Posted Thursday, January 4, 2018 by Gene Moen

All attorneys who handle medical malpractice cases know that juries have negative attitudes about patients who smoke or who are obese. In focus groups, we have found many who automatically blame a poor outcome, especially in cases involving surgery, on the patient who smokes or is obese. Part of that is the tendency of juries to blame patients in general, because they don’t want to think that any encounter with a doctor involves risks of poor outcomes for themselves. Part of it is the feeling that people should be personally responsible for their bad outcomes in life and not blame others. Surprisingly, in focus groups this attitude is persistent even for those who themselves are obese or smoke.

A recent development in England shows that health care providers share the negative view of smokers and obese people, but it is based on their perception that surgical outcomes for such patients are, indeed, less favorable. According to a story on CNN, a large county in England recently announced that it would not authorize elective surgeries unless obese patients lost a specified amount of weight first, and smokers quit smoking for at least eight weeks. The idea is that this would decrease hospital stays, have better outcomes, and save money for the National Health Service. Along with the requirement for pre-surgical changes was an offer of free counseling.
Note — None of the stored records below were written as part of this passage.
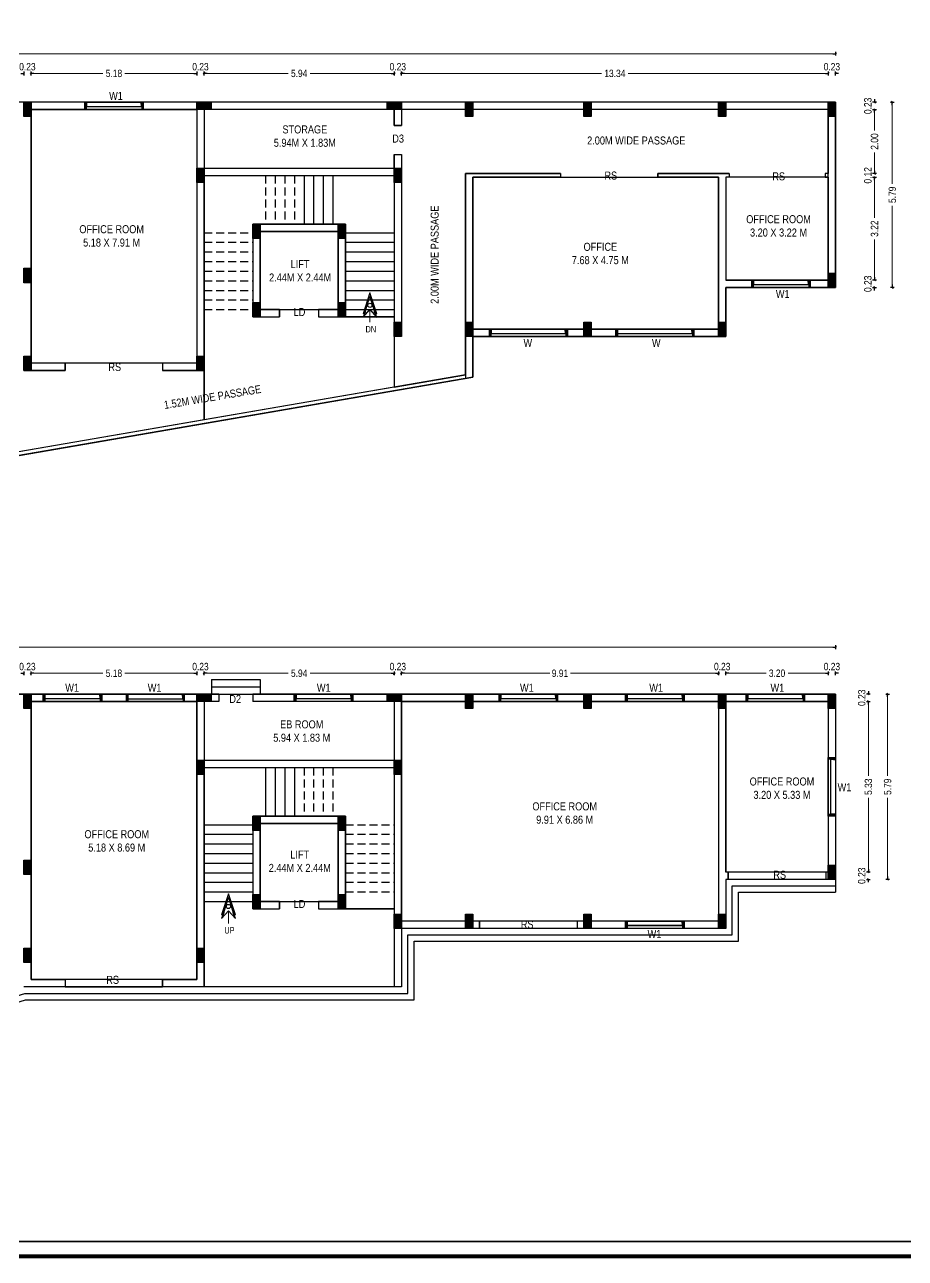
# Model space of a CAD drawing. Header units: metres. Extents: x 127 to 433, y 178 to 269.
# Drawn here: x 369.5 to 397.03, y 198.22 to 236.76 of the extents above; entities that cross this region are included whole.
import ezdxf

# ---------------------------------------------------------------- set-up
doc = ezdxf.new("R2010")
doc.units = ezdxf.units.M
doc.header["$MEASUREMENT"] = 0
doc.linetypes.add('DASHED', pattern=[0.75, 0.5, -0.25])
doc.layers.add('BLK_1_FLR_0_BLT_UP_AREA', color=1, linetype='Continuous', plot=False)
doc.layers.add('BLK_1_FLR_1_BLT_UP_AREA', color=1, linetype='Continuous', plot=False)
for name, color, linetype in [('BLK_1_FLR_0_CARPET_AREA', 32, 'Continuous'), ('BLK_1_FLR_0_LIFT', 30, 'Continuous'), ('BLK_1_FLR_0_REGULAR_ROOM_6', 2, 'Continuous'), ('BLK_1_FLR_0_REGULAR_ROOM_7', 2, 'Continuous'), ('BLK_1_FLR_0_REGULAR_ROOM_8', 2, 'Continuous'), ('BLK_1_FLR_1_CARPET_AREA', 32, 'Continuous'), ('BLK_1_FLR_1_LIFT', 30, 'Continuous'), ('BLK_1_FLR_1_REGULAR_ROOM_5', 2, 'Continuous'), ('BLK_1_FLR_1_REGULAR_ROOM_6', 2, 'Continuous'), ('BLK_1_FLR_1_REGULAR_ROOM_7', 2, 'Continuous'), ('COLU', 6, 'Continuous'), ('GLASS', 4, 'Continuous')]:
    doc.layers.add(name, color=color, linetype=linetype)
for name, color, linetype, lineweight in [('door', 32, 'Continuous', 15), ('Porch', 250, 'Continuous', 0), ('sill level', 18, 'Continuous', 13)]:
    doc.layers.add(name, color=color, linetype=linetype, lineweight=lineweight)
doc.styles.add('Arial', font='swissc.ttf')
doc.styles.get("Standard").update_dxf_attribs({"font": 'swissc.ttf'})
doc.dimstyles.new('FLOOR DIM', dxfattribs={"dimtxt": 0.23, "dimasz": 0.03, "dimexe": 0.075, "dimexo": 0.3, "dimgap": 0.09, "dimtad": 0, "dimzin": 3, "dimdsep": 46, "dimtxsty": 'Arial', "dimblk": 'JM1', "dimcen": -0.09, "dimse1": 1, "dimse2": 1, "dimclrd": 5, "dimclre": 250, "dimclrt": 3, "dimazin": 0, "dimtfac": 0.65, "dimtix": 1, "dimtofl": 0, "dimtmove": 0, "dimatfit": 2, "dimfxl": 0, "dimfrac": 1, "dimtolj": 1, "dimlwd": 18, "dimlwe": -1, "dimarcsym": 0})

# ---------------------------------------------------------------- blocks, each defined once
blk = doc.blocks.new('ARROW')
at = {"linetype": 'Continuous', "ltscale": 250}
for p, q in [((113952.304, -27633.911), (113952.09, -27634.571)), ((113952.519, -27634.573), (113952.304, -27633.911)), ((113952.16, -27634.507), (113952.304, -27634.021)), ((113952.304, -27634.021), (113952.449, -27634.509)), ((113952.09, -27634.571), (113952.16, -27634.507)), ((113952.449, -27634.509), (113952.519, -27634.573))]:
    blk.add_line(p, q, dxfattribs=at)
blk.add_lwpolyline([(113952.304, -27633.911, 0, 0, 0), (113952.304, -27634.439, 0.025, 0.025, 0), (113952.304, -27634.841, 0.025, 0.025, 0)], format="xyseb")
blk.add_lwpolyline([(113952.16, -27634.507), (113952.09, -27634.681), (113952.304, -27634.439), (113952.519, -27634.683), (113952.449, -27634.509)], dxfattribs=at)
blk.add_circle((113952.304, -27634.307), 0.066, dxfattribs=at)
blk = doc.blocks.new('JM1')
at = {"color": 2}
for p, q in [((-3, 0), (0, 0)), ((-0.9, -0.9), (0.9, 0.9)), ((0, 2), (0, -2))]:
    blk.add_line(p, q, dxfattribs=at)
blk = doc.blocks.new('*D109')
at = {"color": 5, "lineweight": 18}
for p, q in [((369.437, 216.499), (369.407, 216.499)), ((369.727, 216.499), (369.757, 216.499))]:
    blk.add_line(p, q, dxfattribs=at)
at = {"layer": 'Defpoints', "color": 0}
for p in [(369.697, 216.499), (369.467, 215.619), (369.697, 215.619)]:
    blk.add_point(p, dxfattribs=at)
at = {"color": 5, "lineweight": 18, "xscale": 0.03, "yscale": 0.03, "zscale": 0.03}
blk.add_blockref('JM1', (369.467, 216.499), dxfattribs=at)
at = {"color": 5, "lineweight": 18, "xscale": 0.03, "yscale": 0.03, "zscale": 0.03, "rotation": 180}
blk.add_blockref('JM1', (369.697, 216.499), dxfattribs=at)
at = {"color": 3, "insert": (369.582, 216.708), "char_height": 0.23, "attachment_point": 5, "style": 'Arial'}
blk.add_mtext('\\A1;0.23', dxfattribs=at)
blk = doc.blocks.new('*D110')
at = {"color": 5, "lineweight": 18}
for p, q in [((369.727, 216.499), (371.944, 216.499)), ((374.847, 216.499), (372.63, 216.499))]:
    blk.add_line(p, q, dxfattribs=at)
at = {"layer": 'Defpoints', "color": 0}
for p in [(374.877, 216.499), (369.697, 215.619), (374.877, 215.619)]:
    blk.add_point(p, dxfattribs=at)
at = {"color": 5, "lineweight": 18, "xscale": 0.03, "yscale": 0.03, "zscale": 0.03, "rotation": 180}
blk.add_blockref('JM1', (369.697, 216.499), dxfattribs=at)
at = {"color": 5, "lineweight": 18, "xscale": 0.03, "yscale": 0.03, "zscale": 0.03}
blk.add_blockref('JM1', (374.877, 216.499), dxfattribs=at)
at = {"color": 3, "insert": (372.287, 216.499), "char_height": 0.23, "attachment_point": 5, "style": 'Arial'}
blk.add_mtext('\\A1;5.18', dxfattribs=at)
blk = doc.blocks.new('*D111')
at = {"color": 5, "lineweight": 18}
for p, q in [((374.847, 216.499), (374.817, 216.499)), ((375.137, 216.499), (375.167, 216.499))]:
    blk.add_line(p, q, dxfattribs=at)
at = {"layer": 'Defpoints', "color": 0}
for p in [(375.107, 216.499), (374.877, 215.619), (375.107, 215.619)]:
    blk.add_point(p, dxfattribs=at)
at = {"color": 5, "lineweight": 18, "xscale": 0.03, "yscale": 0.03, "zscale": 0.03}
blk.add_blockref('JM1', (374.877, 216.499), dxfattribs=at)
at = {"color": 5, "lineweight": 18, "xscale": 0.03, "yscale": 0.03, "zscale": 0.03, "rotation": 180}
blk.add_blockref('JM1', (375.107, 216.499), dxfattribs=at)
at = {"color": 3, "insert": (374.992, 216.708), "char_height": 0.23, "attachment_point": 5, "style": 'Arial'}
blk.add_mtext('\\A1;0.23', dxfattribs=at)
blk = doc.blocks.new('*D112')
at = {"color": 5, "lineweight": 18}
for p, q in [((375.137, 216.499), (377.734, 216.499)), ((381.017, 216.499), (378.421, 216.499))]:
    blk.add_line(p, q, dxfattribs=at)
at = {"layer": 'Defpoints', "color": 0}
for p in [(381.047, 216.499), (375.107, 215.619), (381.047, 215.619)]:
    blk.add_point(p, dxfattribs=at)
at = {"color": 5, "lineweight": 18, "xscale": 0.03, "yscale": 0.03, "zscale": 0.03, "rotation": 180}
blk.add_blockref('JM1', (375.107, 216.499), dxfattribs=at)
at = {"color": 5, "lineweight": 18, "xscale": 0.03, "yscale": 0.03, "zscale": 0.03}
blk.add_blockref('JM1', (381.047, 216.499), dxfattribs=at)
at = {"color": 3, "insert": (378.077, 216.499), "char_height": 0.23, "attachment_point": 5, "style": 'Arial'}
blk.add_mtext('\\A1;5.94', dxfattribs=at)
blk = doc.blocks.new('*D113')
at = {"color": 5, "lineweight": 18}
for p, q in [((381.017, 216.499), (380.987, 216.499)), ((381.307, 216.499), (381.337, 216.499))]:
    blk.add_line(p, q, dxfattribs=at)
at = {"layer": 'Defpoints', "color": 0}
for p in [(381.277, 216.499), (381.047, 215.619), (381.277, 215.619)]:
    blk.add_point(p, dxfattribs=at)
at = {"color": 5, "lineweight": 18, "xscale": 0.03, "yscale": 0.03, "zscale": 0.03}
blk.add_blockref('JM1', (381.047, 216.499), dxfattribs=at)
at = {"color": 5, "lineweight": 18, "xscale": 0.03, "yscale": 0.03, "zscale": 0.03, "rotation": 180}
blk.add_blockref('JM1', (381.277, 216.499), dxfattribs=at)
at = {"color": 3, "insert": (381.162, 216.708), "char_height": 0.23, "attachment_point": 5, "style": 'Arial'}
blk.add_mtext('\\A1;0.23', dxfattribs=at)
blk = doc.blocks.new('*D114')
at = {"color": 5, "lineweight": 18}
for p, q in [((381.307, 216.499), (385.909, 216.499)), ((391.157, 216.499), (386.555, 216.499))]:
    blk.add_line(p, q, dxfattribs=at)
at = {"layer": 'Defpoints', "color": 0}
for p in [(391.187, 216.499), (381.277, 215.619), (391.187, 215.619)]:
    blk.add_point(p, dxfattribs=at)
at = {"color": 5, "lineweight": 18, "xscale": 0.03, "yscale": 0.03, "zscale": 0.03, "rotation": 180}
blk.add_blockref('JM1', (381.277, 216.499), dxfattribs=at)
at = {"color": 5, "lineweight": 18, "xscale": 0.03, "yscale": 0.03, "zscale": 0.03}
blk.add_blockref('JM1', (391.187, 216.499), dxfattribs=at)
at = {"color": 3, "insert": (386.232, 216.499), "char_height": 0.23, "attachment_point": 5, "style": 'Arial'}
blk.add_mtext('\\A1;9.91', dxfattribs=at)
blk = doc.blocks.new('*D115')
at = {"color": 5, "lineweight": 18}
for p, q in [((391.157, 216.499), (391.127, 216.499)), ((391.447, 216.499), (391.477, 216.499))]:
    blk.add_line(p, q, dxfattribs=at)
at = {"layer": 'Defpoints', "color": 0}
for p in [(391.417, 216.499), (391.187, 215.619), (391.417, 215.619)]:
    blk.add_point(p, dxfattribs=at)
at = {"color": 5, "lineweight": 18, "xscale": 0.03, "yscale": 0.03, "zscale": 0.03}
blk.add_blockref('JM1', (391.187, 216.499), dxfattribs=at)
at = {"color": 5, "lineweight": 18, "xscale": 0.03, "yscale": 0.03, "zscale": 0.03, "rotation": 180}
blk.add_blockref('JM1', (391.417, 216.499), dxfattribs=at)
at = {"color": 3, "insert": (391.302, 216.708), "char_height": 0.23, "attachment_point": 5, "style": 'Arial'}
blk.add_mtext('\\A1;0.23', dxfattribs=at)
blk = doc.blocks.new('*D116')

Many people disagreed, saying that it won’t work, may cause more suffering, and may even be more expensive because patients might need more care while they await their procures. Other reactions were based more on social attitudes. According to an article in the New York Times, a survey indicated that people “consider terms like obese, fat, and morbidly obese to be stigmatizing and blaming language used by doctors.” The procedure used in the English county seems to run counter to a recent trend to avoid “fat-shaming” or other negative attitudes about people who are different.